If you are in a co-parenting situation I am sure you have seen what I am referring to as a part time or full time co-parent. This article is actually going to discuss more of the part time vs full time father figure. I have been amazed at the amount of fathers who are no longer with the mother of their child(ren) who are actually still very involved and could be considered a full time Dad. I remember back in the day growing up it was a given that if a couple was no longer together the mother would get custody and the father would become a part time figure in the child(ren)’s life.
My parents divorced when I was around eleven years old or maybe younger, can’t recall but I do know I have a Christmas video from 1991 which I believe was our last Christmas together as a “family” and so that’s why I say eleven or ten years of age is when the divorce finally happened and they never got back together that time. My mother had custody of my sister and me, we saw our Dad every other weekend and that is simply how our life was. We seemed to turn out pretty good with a few issues here and there but overall we enjoyed growing up and having time with both parents.
I have become friends with many fathers who honestly are the custodial parent or have shared joint custody of their child(ren) and I applaud these father’s for stepping up and being a real part of their child(ren)’s lives. I am impressed! I am also impressed with the Dad’s who have their children on a part time, so to speak basis, because having two involved parents at any level is a great feeling for the child(ren).
I will be honest in that I understand some men usually find that when they are no longer with the mother of their child that visiting their children simply becomes a matter of necessity versus a matter of wanting to be a parent or good role model. As a very involved mother who loves children and always has I can’t imagine only seeing my children every other weekend, nor can I imagine setting up a visiting schedule to see my children and then bring them home earlier than the time agreed upon. I mean who does that? Really?! I would want to bring them home later every time if anything because then I get more time with them.

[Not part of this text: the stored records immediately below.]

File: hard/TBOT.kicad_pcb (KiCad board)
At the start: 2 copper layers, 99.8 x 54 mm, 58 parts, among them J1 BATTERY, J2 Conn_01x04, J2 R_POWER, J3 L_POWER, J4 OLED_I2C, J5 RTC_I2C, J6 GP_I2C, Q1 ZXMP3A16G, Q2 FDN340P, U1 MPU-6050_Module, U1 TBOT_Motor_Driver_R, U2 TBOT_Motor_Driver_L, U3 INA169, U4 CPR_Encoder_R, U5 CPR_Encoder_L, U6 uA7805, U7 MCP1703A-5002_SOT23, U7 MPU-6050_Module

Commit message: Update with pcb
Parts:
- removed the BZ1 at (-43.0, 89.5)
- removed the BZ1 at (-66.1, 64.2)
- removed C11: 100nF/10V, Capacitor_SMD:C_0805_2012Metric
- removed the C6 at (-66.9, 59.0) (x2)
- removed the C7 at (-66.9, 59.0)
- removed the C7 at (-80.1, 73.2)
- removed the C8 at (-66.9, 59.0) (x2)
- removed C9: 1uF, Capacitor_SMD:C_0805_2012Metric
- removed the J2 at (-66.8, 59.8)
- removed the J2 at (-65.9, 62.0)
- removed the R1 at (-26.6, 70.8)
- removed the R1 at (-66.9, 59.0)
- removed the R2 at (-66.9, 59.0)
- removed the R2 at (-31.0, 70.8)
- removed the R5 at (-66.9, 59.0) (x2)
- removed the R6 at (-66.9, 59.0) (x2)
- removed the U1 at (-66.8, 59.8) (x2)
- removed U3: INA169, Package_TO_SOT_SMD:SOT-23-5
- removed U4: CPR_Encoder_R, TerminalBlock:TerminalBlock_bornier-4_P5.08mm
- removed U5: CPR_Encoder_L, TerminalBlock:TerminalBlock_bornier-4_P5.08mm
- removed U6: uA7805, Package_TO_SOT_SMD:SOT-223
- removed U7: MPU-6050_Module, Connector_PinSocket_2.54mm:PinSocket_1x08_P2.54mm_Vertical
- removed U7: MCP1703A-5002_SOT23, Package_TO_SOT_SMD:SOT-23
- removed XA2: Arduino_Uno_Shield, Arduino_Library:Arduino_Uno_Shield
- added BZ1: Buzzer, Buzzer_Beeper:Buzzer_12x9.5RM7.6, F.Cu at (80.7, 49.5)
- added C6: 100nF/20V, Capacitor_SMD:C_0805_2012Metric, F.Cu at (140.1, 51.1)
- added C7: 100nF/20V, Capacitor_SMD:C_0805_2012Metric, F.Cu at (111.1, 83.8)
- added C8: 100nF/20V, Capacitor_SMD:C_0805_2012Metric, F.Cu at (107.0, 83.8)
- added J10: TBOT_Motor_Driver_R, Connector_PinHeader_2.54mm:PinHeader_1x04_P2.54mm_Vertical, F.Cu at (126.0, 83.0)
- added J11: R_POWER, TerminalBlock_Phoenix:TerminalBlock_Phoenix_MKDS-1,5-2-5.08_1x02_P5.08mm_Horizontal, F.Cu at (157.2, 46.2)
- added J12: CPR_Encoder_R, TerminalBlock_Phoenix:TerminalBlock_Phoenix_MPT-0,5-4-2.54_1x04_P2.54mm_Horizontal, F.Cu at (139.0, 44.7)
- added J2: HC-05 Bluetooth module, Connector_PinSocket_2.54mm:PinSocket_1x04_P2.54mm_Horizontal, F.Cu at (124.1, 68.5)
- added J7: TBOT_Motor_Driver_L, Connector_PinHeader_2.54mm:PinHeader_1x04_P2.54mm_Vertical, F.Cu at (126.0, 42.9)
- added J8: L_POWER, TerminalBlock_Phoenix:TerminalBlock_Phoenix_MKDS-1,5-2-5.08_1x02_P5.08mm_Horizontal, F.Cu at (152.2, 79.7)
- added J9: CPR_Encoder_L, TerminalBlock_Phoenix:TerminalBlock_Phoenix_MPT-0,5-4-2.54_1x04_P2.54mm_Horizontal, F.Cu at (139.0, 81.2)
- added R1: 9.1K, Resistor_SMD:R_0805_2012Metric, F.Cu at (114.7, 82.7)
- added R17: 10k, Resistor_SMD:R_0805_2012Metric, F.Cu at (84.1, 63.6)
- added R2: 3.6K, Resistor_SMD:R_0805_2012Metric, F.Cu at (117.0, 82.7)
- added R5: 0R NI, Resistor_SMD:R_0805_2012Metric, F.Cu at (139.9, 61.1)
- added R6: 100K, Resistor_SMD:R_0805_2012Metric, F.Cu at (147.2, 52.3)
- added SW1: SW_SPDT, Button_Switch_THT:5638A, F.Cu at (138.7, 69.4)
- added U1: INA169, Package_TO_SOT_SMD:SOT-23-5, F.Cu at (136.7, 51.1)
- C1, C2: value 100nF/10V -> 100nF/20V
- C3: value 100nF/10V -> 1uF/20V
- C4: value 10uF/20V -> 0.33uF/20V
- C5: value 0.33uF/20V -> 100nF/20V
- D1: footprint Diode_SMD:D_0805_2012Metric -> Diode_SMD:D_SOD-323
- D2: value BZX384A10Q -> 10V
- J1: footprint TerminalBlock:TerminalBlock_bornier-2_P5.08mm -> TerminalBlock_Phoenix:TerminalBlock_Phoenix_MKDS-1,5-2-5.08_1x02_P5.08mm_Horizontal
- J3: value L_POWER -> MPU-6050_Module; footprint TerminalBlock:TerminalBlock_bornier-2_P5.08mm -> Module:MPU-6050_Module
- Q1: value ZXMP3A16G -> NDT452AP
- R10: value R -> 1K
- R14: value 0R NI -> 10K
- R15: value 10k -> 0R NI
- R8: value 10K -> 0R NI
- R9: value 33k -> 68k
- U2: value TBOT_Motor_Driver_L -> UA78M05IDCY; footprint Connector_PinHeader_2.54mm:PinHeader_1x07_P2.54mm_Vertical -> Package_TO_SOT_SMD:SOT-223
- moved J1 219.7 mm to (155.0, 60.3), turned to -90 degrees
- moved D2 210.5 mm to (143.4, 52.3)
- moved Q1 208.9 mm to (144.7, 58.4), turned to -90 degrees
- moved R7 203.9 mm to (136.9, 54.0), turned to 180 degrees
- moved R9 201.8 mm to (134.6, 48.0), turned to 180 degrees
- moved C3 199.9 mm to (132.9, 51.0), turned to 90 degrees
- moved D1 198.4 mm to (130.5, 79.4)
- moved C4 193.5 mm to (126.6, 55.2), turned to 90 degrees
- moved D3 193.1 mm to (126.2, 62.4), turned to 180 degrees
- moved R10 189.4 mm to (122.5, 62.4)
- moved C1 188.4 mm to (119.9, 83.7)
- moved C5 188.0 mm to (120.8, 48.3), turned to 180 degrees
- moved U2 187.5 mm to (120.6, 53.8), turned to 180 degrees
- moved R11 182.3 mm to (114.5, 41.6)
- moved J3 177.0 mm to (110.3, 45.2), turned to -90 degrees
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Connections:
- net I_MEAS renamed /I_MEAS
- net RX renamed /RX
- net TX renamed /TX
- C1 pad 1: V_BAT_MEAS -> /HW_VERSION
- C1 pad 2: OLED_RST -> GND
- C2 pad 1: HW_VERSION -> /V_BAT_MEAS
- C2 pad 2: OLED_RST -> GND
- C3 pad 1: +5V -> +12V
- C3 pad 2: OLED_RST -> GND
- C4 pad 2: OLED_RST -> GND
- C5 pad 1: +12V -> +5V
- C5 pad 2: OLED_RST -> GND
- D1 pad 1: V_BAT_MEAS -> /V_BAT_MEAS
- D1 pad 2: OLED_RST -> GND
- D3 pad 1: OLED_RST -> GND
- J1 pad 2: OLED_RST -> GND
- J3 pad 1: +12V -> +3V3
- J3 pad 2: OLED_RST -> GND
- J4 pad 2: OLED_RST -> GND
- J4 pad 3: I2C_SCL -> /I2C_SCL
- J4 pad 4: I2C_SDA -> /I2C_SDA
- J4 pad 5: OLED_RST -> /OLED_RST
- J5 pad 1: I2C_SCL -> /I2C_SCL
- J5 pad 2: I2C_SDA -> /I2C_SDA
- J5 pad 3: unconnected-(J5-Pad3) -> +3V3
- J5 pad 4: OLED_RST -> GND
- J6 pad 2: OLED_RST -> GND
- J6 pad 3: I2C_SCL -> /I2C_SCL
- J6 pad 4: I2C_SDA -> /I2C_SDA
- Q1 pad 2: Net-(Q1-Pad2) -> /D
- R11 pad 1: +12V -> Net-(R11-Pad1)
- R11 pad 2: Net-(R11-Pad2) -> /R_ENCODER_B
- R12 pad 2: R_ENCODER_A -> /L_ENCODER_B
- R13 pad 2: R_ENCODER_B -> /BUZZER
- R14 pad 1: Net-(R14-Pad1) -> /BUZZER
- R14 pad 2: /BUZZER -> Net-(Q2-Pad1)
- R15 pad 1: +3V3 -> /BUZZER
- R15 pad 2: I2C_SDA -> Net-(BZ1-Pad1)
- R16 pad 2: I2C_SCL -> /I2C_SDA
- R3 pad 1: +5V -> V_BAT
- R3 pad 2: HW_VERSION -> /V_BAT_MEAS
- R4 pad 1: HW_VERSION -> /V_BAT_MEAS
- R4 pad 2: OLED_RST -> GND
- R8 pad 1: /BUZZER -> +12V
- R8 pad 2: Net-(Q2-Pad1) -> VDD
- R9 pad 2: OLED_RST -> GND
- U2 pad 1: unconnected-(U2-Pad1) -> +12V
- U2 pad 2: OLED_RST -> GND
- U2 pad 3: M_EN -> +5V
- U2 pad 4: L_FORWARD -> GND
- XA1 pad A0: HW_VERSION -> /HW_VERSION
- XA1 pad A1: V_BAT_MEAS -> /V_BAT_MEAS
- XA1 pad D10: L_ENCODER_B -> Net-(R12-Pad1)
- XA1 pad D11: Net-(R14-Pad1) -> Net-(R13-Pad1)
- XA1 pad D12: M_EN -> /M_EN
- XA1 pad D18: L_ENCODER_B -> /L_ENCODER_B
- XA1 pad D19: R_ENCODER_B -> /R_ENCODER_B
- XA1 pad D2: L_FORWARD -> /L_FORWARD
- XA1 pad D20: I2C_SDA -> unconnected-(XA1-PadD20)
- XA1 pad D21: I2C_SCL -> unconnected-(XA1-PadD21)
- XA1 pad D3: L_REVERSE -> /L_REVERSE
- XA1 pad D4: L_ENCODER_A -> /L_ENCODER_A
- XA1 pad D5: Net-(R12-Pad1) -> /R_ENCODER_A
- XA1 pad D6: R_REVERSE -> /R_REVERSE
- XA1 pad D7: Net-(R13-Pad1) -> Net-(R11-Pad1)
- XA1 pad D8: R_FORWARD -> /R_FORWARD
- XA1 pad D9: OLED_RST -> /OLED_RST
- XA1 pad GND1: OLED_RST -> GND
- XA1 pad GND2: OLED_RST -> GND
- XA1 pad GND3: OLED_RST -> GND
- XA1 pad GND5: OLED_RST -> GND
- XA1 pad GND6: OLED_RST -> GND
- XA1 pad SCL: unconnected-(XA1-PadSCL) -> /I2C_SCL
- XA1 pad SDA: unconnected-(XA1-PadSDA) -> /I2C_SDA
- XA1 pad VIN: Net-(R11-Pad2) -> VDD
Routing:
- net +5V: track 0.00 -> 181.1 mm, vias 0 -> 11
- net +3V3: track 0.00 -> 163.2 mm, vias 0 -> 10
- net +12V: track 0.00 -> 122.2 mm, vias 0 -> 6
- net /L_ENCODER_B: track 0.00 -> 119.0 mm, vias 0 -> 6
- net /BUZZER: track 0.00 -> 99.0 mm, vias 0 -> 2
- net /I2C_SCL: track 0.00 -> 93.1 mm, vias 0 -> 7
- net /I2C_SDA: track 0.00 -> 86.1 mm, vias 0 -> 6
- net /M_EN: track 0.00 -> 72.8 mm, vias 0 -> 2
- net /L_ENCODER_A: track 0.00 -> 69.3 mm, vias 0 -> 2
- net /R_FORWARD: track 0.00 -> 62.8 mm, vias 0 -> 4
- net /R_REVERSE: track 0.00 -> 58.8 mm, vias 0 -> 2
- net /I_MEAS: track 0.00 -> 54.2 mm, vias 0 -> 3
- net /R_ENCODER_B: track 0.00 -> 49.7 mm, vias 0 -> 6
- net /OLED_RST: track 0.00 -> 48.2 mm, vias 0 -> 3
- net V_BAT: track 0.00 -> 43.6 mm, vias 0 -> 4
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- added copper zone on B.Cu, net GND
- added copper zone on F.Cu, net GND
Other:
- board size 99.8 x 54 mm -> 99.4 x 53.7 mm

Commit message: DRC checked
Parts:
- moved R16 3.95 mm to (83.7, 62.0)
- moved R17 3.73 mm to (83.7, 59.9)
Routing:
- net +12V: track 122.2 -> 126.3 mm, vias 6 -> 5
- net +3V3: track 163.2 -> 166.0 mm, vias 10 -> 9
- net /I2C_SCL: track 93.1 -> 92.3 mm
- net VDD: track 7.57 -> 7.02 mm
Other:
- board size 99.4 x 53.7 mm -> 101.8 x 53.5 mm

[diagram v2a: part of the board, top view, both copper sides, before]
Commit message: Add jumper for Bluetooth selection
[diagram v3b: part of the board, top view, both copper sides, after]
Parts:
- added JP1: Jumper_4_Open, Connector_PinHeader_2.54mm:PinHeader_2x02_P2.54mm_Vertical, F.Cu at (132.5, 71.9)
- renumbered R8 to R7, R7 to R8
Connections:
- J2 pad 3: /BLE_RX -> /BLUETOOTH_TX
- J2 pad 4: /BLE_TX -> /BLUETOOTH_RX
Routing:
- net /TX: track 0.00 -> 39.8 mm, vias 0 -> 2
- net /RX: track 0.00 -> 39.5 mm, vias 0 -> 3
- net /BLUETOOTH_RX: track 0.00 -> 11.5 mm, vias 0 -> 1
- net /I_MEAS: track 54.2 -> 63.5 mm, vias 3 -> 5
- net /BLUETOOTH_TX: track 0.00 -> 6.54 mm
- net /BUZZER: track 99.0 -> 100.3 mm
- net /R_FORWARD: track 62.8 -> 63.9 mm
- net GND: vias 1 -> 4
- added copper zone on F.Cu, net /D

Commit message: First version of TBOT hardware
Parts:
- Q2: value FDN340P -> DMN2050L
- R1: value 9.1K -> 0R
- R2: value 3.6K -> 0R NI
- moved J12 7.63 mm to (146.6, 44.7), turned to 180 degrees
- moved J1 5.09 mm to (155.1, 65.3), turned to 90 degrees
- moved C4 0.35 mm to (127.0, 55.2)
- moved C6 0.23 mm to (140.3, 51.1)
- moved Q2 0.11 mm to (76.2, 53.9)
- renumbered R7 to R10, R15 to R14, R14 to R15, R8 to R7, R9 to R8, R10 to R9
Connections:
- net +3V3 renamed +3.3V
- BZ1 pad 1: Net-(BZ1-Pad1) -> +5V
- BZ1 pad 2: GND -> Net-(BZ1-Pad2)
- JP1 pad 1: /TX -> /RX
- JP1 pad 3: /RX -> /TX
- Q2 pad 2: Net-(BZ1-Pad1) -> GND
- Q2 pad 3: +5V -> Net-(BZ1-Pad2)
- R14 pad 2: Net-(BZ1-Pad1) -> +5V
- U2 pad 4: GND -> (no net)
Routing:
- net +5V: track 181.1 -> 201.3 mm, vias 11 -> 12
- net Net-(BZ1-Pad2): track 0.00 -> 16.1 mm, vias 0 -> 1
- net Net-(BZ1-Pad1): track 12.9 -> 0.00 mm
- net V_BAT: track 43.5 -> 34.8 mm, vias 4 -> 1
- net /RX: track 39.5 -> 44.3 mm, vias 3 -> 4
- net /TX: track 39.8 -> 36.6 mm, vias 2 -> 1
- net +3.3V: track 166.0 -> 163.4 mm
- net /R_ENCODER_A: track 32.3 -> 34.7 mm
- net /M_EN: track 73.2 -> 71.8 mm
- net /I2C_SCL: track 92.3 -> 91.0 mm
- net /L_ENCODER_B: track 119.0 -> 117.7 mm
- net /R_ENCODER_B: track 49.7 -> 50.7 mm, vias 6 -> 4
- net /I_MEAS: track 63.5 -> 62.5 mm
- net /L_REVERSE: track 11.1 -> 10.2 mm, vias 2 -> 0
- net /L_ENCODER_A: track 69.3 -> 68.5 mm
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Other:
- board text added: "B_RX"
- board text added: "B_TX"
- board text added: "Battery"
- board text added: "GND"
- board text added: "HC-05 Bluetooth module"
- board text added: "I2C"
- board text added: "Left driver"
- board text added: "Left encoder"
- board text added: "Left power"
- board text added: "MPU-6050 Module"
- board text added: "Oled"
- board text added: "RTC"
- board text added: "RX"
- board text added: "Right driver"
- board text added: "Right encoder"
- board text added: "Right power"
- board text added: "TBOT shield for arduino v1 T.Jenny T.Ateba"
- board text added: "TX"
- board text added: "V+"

So moral of the story is … I am a firm believer that both parents in a co-parenting situation need to understand that they both have equal rights and they should exercise these rights to ensure that their children grow up to be loving, well rounded children that can’t ever say they had a “part time” parent.
Questions for Thought: Do you co-parent? Do you have a co-parent who is part time or full time? Do you agree that more and more fathers are becoming more involved in the child’s life even after a split up? How do you feel about this topic?
New Blog Post Part Time vs Full Time Co-Parent http://bit.ly/ckp3KF
I completely agree. I think a child should be able to have both parents involved equally, or if not equally, at least know that the love is equally there. You’re right, some father’s have sole custody and the mom’s aren’t even around, so we’re no longer looking at just dads being bad or uncaring parents. I could go on and on lol, but I’ll stop now. Great post!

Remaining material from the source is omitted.